(YOUR INSTRUCTIONS)
Your job is to transcribe all the records that follow, excluding any pictures.
━━ EXERCISE INPUT
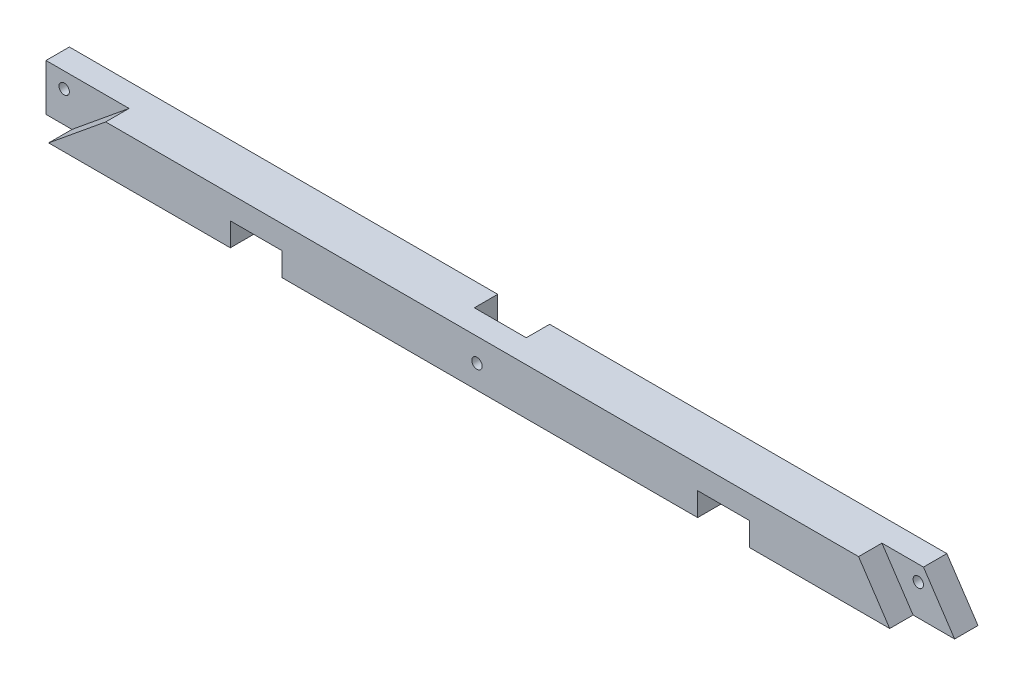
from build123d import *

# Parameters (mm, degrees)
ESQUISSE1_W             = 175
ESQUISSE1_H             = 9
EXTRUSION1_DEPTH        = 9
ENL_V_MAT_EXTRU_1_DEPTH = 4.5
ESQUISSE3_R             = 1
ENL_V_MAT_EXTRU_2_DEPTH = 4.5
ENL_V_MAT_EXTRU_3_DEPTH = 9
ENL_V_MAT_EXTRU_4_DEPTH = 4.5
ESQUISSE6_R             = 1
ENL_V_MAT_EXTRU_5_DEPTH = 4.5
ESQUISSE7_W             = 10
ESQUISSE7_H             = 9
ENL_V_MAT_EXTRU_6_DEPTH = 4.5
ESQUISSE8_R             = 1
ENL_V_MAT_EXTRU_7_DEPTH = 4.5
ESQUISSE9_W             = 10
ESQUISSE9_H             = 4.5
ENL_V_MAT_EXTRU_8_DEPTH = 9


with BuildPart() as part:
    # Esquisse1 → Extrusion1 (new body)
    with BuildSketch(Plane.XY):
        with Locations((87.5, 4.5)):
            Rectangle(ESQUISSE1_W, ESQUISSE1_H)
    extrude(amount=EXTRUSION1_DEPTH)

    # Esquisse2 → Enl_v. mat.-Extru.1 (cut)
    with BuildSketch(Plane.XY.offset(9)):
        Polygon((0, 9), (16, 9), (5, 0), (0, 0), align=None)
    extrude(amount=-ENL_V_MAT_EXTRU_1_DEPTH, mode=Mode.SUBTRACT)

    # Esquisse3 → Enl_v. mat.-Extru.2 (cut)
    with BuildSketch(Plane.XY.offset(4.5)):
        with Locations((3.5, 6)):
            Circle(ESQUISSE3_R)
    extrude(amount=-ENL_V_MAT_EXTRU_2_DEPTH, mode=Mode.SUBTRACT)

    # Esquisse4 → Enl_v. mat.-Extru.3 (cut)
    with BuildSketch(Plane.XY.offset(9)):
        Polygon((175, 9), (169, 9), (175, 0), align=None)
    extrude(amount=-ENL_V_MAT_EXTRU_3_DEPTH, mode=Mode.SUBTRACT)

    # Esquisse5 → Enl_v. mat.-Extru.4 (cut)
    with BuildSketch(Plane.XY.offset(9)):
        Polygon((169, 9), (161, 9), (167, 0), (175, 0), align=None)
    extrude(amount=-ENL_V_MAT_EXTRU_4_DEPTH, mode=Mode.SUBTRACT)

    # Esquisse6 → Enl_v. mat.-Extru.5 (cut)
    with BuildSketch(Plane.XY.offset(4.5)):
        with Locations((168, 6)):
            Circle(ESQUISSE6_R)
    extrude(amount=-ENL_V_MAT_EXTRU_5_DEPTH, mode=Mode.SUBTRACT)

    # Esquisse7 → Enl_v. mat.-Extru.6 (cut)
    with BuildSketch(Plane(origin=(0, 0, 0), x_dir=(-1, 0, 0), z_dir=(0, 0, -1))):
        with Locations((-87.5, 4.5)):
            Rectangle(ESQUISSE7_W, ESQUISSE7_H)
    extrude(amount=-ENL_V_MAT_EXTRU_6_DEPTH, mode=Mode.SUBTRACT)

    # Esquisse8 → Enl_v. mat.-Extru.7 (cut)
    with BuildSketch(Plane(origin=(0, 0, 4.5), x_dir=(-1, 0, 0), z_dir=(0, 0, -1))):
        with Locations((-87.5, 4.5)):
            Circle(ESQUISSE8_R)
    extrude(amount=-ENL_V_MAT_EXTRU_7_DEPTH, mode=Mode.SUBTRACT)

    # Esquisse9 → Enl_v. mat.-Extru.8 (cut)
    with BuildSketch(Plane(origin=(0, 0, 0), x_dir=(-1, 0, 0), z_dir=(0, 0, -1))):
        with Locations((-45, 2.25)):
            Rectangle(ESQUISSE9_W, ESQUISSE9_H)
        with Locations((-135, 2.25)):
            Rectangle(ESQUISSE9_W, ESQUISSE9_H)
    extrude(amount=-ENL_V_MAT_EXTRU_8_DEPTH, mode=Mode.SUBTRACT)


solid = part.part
━━━━
(SOLUTION FOR THIS PROBLEM)
from build123d import *

# Parameters (mm, degrees)
ESQUISSE1_W             = 175
ESQUISSE1_H             = 9
EXTRUSION1_DEPTH        = 9
ENL_V_MAT_EXTRU_1_DEPTH = 4.5
ESQUISSE3_R             = 1
ENL_V_MAT_EXTRU_2_DEPTH = 4.5
ENL_V_MAT_EXTRU_3_DEPTH = 9
ENL_V_MAT_EXTRU_4_DEPTH = 4.5
ESQUISSE6_R             = 1
ENL_V_MAT_EXTRU_5_DEPTH = 4.5
ESQUISSE7_W             = 10
ESQUISSE7_H             = 9
ENL_V_MAT_EXTRU_6_DEPTH = 4.5
ESQUISSE8_R             = 1
ENL_V_MAT_EXTRU_7_DEPTH = 4.5
ESQUISSE9_W             = 10
ESQUISSE9_H             = 4.5
ENL_V_MAT_EXTRU_8_DEPTH = 9


with BuildPart() as part:
    # Esquisse1 → Extrusion1 (new body)
    with BuildSketch(Plane.XY):
        with Locations((87.5, 4.5)):
            Rectangle(ESQUISSE1_W, ESQUISSE1_H)
    extrude(amount=EXTRUSION1_DEPTH)

    # Esquisse2 → Enl_v. mat.-Extru.1 (cut)
    with BuildSketch(Plane.XY.offset(9)):
        Polygon((0, 9), (16, 9), (5, 0), (0, 0), align=None)
    extrude(amount=-ENL_V_MAT_EXTRU_1_DEPTH, mode=Mode.SUBTRACT)

    # Esquisse3 → Enl_v. mat.-Extru.2 (cut)
    with BuildSketch(Plane.XY.offset(4.5)):
        with Locations((3.5, 6)):
            Circle(ESQUISSE3_R)
    extrude(amount=-ENL_V_MAT_EXTRU_2_DEPTH, mode=Mode.SUBTRACT)

    # Esquisse4 → Enl_v. mat.-Extru.3 (cut)
    with BuildSketch(Plane.XY.offset(9)):
        Polygon((175, 9), (169, 9), (175, 0), align=None)
    extrude(amount=-ENL_V_MAT_EXTRU_3_DEPTH, mode=Mode.SUBTRACT)

    # Esquisse5 → Enl_v. mat.-Extru.4 (cut)
    with BuildSketch(Plane.XY.offset(9)):
        Polygon((169, 9), (161, 9), (167, 0), (175, 0), align=None)
    extrude(amount=-ENL_V_MAT_EXTRU_4_DEPTH, mode=Mode.SUBTRACT)

    # Esquisse6 → Enl_v. mat.-Extru.5 (cut)
    with BuildSketch(Plane.XY.offset(4.5)):
        with Locations((168, 6)):
            Circle(ESQUISSE6_R)
    extrude(amount=-ENL_V_MAT_EXTRU_5_DEPTH, mode=Mode.SUBTRACT)

    # Esquisse7 → Enl_v. mat.-Extru.6 (cut)
    with BuildSketch(Plane(origin=(0, 0, 0), x_dir=(-1, 0, 0), z_dir=(0, 0, -1))):
        with Locations((-87.5, 4.5)):
            Rectangle(ESQUISSE7_W, ESQUISSE7_H)
    extrude(amount=-ENL_V_MAT_EXTRU_6_DEPTH, mode=Mode.SUBTRACT)

    # Esquisse8 → Enl_v. mat.-Extru.7 (cut)
    with BuildSketch(Plane(origin=(0, 0, 4.5), x_dir=(-1, 0, 0), z_dir=(0, 0, -1))):
        with Locations((-87.5, 4.5)):
            Circle(ESQUISSE8_R)
    extrude(amount=-ENL_V_MAT_EXTRU_7_DEPTH, mode=Mode.SUBTRACT)

    # Esquisse9 → Enl_v. mat.-Extru.8 (cut)
    with BuildSketch(Plane(origin=(0, 0, 0), x_dir=(-1, 0, 0), z_dir=(0, 0, -1))):
        with Locations((-45, 2.25)):
            Rectangle(ESQUISSE9_W, ESQUISSE9_H)
        with Locations((-135, 2.25)):
            Rectangle(ESQUISSE9_W, ESQUISSE9_H)
    extrude(amount=-ENL_V_MAT_EXTRU_8_DEPTH, mode=Mode.SUBTRACT)


solid = part.part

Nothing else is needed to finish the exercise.